■ **EXERCISE INPUTS**:
-*-

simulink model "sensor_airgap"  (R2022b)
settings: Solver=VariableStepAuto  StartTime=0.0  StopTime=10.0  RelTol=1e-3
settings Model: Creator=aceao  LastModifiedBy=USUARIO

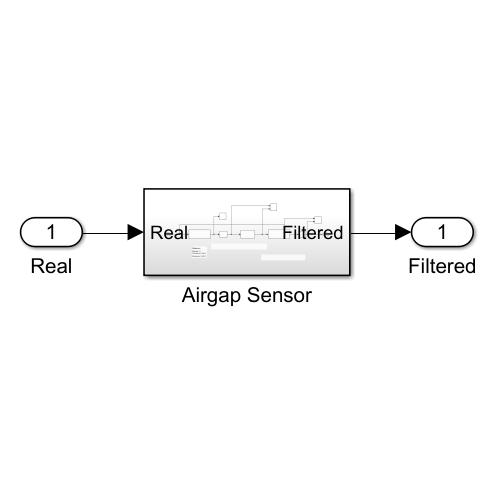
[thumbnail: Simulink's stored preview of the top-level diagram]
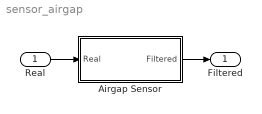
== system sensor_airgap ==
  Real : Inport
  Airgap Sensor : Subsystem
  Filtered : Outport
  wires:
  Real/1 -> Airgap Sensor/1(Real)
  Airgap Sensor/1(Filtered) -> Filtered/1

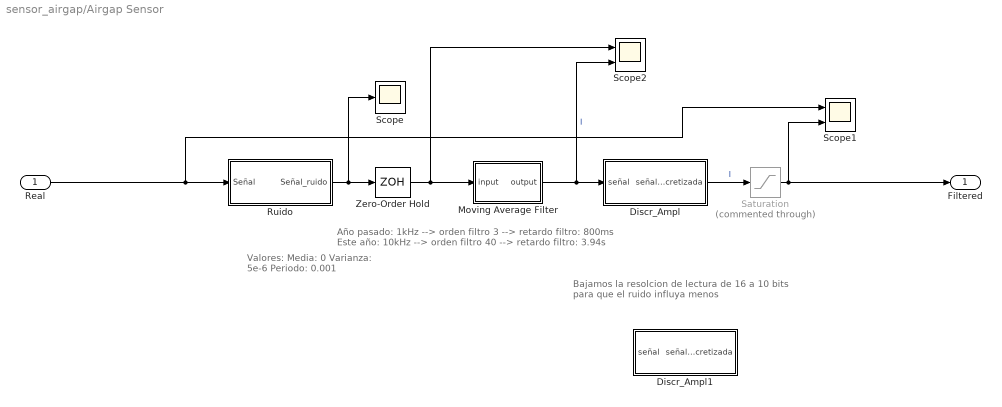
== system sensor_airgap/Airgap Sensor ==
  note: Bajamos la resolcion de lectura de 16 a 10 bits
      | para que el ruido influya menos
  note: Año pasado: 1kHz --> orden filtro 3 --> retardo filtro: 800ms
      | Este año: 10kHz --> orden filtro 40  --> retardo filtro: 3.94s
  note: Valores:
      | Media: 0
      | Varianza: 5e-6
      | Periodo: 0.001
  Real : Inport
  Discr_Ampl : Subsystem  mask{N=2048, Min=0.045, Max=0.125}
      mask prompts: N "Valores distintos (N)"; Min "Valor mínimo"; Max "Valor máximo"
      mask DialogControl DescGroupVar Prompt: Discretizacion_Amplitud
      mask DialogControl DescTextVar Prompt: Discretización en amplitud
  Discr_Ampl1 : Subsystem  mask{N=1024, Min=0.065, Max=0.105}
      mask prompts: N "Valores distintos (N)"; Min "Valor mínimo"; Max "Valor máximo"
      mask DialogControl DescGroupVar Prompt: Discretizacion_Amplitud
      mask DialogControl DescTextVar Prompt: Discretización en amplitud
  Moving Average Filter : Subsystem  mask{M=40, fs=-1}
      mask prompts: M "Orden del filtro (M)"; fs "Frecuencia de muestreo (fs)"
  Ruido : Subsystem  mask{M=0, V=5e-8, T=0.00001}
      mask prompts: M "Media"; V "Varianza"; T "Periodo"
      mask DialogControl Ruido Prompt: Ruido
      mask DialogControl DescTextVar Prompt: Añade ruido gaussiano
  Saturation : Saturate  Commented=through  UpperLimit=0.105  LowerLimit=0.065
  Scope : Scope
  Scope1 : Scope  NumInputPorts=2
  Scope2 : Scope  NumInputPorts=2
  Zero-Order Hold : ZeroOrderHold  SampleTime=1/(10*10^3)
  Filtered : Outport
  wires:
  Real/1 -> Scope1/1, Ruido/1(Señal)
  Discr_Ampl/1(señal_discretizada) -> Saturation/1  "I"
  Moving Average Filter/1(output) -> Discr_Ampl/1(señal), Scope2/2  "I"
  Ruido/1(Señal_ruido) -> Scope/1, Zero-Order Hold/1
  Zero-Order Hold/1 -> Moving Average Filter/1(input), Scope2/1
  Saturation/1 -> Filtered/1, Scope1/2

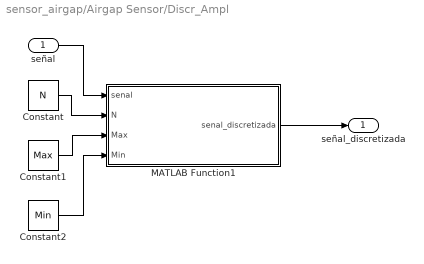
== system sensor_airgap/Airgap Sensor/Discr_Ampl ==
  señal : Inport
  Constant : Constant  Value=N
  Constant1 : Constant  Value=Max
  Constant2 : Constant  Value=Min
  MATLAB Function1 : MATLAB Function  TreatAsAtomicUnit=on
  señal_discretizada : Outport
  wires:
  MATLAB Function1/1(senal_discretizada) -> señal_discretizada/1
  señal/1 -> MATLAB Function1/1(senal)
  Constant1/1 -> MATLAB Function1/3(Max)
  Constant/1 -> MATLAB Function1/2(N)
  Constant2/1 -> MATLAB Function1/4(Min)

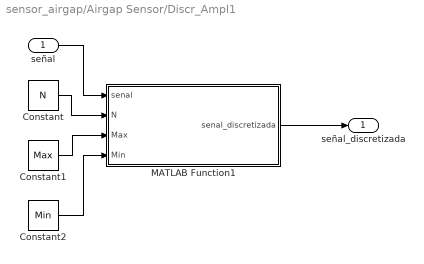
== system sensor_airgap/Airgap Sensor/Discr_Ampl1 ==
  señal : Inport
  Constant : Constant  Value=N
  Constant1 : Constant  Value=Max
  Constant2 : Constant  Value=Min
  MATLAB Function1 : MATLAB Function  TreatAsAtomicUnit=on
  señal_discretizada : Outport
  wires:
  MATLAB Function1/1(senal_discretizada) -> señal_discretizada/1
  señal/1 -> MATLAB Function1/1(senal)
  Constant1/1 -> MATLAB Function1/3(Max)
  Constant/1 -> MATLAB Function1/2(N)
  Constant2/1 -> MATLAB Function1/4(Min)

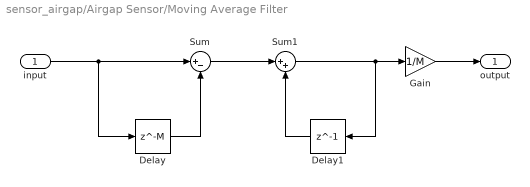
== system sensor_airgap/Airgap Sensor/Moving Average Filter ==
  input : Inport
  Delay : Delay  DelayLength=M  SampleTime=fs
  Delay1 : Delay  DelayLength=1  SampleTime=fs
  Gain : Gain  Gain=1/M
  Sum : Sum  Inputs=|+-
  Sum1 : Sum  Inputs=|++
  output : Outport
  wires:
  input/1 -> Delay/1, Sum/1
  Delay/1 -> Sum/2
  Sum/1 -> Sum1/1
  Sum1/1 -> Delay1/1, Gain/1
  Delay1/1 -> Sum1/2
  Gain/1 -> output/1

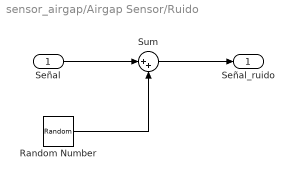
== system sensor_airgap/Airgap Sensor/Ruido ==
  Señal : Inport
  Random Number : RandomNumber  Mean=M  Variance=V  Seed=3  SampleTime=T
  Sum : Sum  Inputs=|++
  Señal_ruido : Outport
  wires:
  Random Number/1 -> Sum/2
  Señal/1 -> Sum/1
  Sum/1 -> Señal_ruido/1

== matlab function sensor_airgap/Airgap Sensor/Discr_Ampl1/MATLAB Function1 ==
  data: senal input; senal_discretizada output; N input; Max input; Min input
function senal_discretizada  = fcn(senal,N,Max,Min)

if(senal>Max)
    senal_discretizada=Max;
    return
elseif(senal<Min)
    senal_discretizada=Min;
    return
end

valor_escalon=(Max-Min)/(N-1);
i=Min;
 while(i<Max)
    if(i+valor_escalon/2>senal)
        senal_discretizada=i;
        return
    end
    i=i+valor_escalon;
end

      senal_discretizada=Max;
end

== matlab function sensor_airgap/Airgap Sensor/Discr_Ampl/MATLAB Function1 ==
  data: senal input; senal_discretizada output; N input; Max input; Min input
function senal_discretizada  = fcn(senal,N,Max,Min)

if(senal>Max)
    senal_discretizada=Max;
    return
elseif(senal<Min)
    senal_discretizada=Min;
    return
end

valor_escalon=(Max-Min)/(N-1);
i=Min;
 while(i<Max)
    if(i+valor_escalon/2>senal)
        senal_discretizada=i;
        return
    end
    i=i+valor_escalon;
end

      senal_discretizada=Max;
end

-*-

■ **YOUR INSTRUCTIONS**:
Copy every line of the listing containing the string "Media".

■ **RESPONSE**:
      | Media: 0
      mask prompts: M "Media"; V "Varianza"; T "Periodo"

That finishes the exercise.